In today’s (July 4, 2007) paper, the Associated Press reports that late payments are up for equity lines of credit but down for credit card payments. This news seems to indicate a trend that more people are opting to pay unsecured credit cards than loans secured by their homes, despite the fact that most people know they should pay their mortgage before they pay their credit cards.

There are two primary reasons for this recent phenomenon: Credit card collectors tend to be very aggressive, and more and more people are getting crushed by the current subprime lending debacle.

First of all, anyone past due on credit card debts knows that collection agencies will aggressively browbeat in an attempt to squeeze pennies out of debtors. People will pay an abusive collector money at the expense of keeping secured debt, like a home equity line of credit, current. Collection agencies are governed by the Federal Fair Debt Collection Practices Act, and collectors frequently engage in activity prohibited by the law, even posing as law enforcement or attorneys. More increasingly, such agencies have come under fire from states’ Attorney Generals’ offices, most recently Florida.

The other major reason for the seemingly illogical behavior of paying unsecured debts before home equity lines of credit is that many Americans have given up on saving their homes. Years ago, people would get behind in their mortgage payments only because some bad and/or unexpected happened in their lives: loss of a job, illness, injury, divorce, etc. Now, in the wake of a record number of subprime rate “resets”, marginally-qualified homeowners find that, even though their economic circumstances are the same as when they purchased their home, they can no longer afford their mortgage payments because their interest rates have skyrocketed.

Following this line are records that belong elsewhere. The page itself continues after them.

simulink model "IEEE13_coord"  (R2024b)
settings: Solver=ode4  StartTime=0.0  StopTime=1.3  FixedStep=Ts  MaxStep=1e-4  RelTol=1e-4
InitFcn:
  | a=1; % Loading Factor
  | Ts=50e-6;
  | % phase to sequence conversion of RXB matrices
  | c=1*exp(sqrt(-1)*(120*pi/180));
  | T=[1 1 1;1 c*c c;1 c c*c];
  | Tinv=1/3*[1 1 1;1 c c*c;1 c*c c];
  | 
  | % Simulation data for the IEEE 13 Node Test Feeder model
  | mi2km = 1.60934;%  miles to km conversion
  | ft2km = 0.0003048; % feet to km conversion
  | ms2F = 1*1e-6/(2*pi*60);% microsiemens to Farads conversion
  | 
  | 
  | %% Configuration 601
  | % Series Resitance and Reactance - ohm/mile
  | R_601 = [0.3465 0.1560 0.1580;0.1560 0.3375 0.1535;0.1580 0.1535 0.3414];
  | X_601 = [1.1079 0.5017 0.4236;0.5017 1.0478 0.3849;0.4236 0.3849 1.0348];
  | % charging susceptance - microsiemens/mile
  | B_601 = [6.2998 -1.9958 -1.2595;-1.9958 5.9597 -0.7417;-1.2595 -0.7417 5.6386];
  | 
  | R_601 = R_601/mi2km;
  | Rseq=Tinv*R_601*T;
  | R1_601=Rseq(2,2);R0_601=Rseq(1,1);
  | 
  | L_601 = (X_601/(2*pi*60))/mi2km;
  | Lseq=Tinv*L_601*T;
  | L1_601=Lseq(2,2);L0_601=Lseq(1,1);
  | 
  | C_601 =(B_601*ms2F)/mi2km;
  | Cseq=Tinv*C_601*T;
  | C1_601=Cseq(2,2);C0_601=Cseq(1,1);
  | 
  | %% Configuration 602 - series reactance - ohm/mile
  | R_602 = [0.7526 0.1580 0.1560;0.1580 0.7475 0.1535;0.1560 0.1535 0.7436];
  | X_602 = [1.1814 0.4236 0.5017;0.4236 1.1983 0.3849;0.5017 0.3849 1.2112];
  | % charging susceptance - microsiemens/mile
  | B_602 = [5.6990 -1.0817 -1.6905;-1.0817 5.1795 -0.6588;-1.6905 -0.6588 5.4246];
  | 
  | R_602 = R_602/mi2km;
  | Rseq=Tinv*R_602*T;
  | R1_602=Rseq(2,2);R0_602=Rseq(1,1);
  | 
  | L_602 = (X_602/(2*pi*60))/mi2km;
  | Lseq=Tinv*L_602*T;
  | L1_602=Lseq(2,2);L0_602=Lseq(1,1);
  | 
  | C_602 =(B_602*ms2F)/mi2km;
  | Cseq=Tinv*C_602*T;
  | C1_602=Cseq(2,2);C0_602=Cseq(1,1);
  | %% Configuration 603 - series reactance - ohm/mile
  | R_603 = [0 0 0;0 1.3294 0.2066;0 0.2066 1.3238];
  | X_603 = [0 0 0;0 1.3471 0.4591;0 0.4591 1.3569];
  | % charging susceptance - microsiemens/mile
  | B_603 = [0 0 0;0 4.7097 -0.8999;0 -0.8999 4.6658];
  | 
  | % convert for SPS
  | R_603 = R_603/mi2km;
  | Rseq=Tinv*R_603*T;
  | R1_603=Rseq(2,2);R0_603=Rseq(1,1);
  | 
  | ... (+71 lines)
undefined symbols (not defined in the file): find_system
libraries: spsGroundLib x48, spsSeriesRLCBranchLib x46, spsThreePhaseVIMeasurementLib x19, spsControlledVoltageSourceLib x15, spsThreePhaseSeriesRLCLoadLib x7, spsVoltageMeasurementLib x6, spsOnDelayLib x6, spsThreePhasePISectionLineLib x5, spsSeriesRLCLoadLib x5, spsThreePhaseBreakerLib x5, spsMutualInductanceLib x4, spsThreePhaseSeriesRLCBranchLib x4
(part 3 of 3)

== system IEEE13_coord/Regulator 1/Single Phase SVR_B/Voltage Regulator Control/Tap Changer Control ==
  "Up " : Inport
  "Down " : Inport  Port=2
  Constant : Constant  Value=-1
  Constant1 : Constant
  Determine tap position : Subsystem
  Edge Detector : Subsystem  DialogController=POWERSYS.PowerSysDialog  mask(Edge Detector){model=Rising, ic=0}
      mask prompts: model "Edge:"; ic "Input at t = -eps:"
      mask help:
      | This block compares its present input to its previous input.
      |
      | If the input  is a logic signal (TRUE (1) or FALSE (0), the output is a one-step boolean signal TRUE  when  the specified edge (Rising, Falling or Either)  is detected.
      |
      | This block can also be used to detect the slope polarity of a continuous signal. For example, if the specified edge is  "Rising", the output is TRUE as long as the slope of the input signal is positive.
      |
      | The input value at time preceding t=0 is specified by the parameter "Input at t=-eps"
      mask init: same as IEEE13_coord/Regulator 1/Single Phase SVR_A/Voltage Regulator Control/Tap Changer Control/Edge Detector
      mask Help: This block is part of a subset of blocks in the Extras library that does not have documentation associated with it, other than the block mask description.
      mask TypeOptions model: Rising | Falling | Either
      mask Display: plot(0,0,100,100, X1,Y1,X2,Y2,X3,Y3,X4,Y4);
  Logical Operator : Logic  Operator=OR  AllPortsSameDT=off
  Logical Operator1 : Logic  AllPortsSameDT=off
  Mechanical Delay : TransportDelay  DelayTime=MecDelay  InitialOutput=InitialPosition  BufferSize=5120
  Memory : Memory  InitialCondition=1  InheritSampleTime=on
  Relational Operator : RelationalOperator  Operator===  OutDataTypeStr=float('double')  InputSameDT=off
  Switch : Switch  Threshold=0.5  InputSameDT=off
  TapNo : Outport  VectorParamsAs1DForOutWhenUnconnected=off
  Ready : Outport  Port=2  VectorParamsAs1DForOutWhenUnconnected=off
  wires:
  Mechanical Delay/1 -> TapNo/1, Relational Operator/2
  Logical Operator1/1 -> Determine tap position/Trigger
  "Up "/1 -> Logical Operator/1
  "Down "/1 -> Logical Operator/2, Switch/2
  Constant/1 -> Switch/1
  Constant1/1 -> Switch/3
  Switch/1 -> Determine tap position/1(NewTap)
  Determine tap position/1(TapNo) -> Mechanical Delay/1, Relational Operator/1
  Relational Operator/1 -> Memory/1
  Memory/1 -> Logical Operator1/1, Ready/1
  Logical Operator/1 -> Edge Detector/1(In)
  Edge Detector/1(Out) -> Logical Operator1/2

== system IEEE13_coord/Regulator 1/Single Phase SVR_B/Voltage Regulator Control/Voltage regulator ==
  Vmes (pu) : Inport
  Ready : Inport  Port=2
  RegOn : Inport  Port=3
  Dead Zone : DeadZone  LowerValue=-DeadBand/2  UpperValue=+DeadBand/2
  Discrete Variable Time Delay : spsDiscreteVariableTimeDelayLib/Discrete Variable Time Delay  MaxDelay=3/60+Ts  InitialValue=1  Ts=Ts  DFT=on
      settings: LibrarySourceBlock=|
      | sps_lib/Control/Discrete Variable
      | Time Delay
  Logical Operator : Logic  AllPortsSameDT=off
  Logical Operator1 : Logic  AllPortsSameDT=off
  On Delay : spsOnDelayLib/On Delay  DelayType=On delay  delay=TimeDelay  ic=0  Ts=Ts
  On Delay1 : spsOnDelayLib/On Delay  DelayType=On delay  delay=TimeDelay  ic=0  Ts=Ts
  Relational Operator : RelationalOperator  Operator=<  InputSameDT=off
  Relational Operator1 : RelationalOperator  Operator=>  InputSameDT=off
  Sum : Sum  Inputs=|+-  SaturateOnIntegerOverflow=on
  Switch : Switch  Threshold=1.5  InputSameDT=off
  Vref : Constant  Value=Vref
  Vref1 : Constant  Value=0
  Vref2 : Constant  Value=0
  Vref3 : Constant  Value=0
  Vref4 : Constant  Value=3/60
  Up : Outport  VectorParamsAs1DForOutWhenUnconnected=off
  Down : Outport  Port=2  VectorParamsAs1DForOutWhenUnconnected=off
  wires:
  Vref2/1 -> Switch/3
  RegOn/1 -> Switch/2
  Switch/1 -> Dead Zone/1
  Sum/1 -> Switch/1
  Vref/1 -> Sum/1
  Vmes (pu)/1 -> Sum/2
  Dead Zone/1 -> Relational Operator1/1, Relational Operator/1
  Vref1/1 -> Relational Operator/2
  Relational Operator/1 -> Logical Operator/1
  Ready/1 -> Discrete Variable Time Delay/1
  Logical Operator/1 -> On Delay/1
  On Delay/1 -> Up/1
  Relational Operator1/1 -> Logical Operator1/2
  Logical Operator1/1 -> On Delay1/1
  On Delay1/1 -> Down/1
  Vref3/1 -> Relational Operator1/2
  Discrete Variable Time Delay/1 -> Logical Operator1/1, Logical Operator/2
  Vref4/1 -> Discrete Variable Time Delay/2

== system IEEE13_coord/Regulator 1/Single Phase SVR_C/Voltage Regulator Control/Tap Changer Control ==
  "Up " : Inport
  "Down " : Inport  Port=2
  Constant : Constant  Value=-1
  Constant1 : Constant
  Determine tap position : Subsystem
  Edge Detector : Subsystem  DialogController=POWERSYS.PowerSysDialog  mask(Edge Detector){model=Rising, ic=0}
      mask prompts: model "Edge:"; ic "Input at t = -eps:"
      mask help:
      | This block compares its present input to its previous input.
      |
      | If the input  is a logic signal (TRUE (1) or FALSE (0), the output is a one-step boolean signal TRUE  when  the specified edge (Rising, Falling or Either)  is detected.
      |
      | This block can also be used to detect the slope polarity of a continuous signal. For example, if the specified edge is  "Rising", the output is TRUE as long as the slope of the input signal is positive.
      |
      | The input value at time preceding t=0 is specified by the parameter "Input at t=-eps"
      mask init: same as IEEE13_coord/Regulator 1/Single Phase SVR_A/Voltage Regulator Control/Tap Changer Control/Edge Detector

The foolish subprime lenders were banking on these strapped homeowners to refinance their mortgages every couple of years to avoid these monstrous mortgage increases. This is the subprime lending scam. What lenders didn’t count on was a collapsing real estate market and tightening of lending requirements. The result as been that these borrowers can no longer refinance, so they just give up. This is the reason that, even though home foreclosures are at an all-time high, the number of Chapter 13 bankruptcies has not risen to nearly the same degree.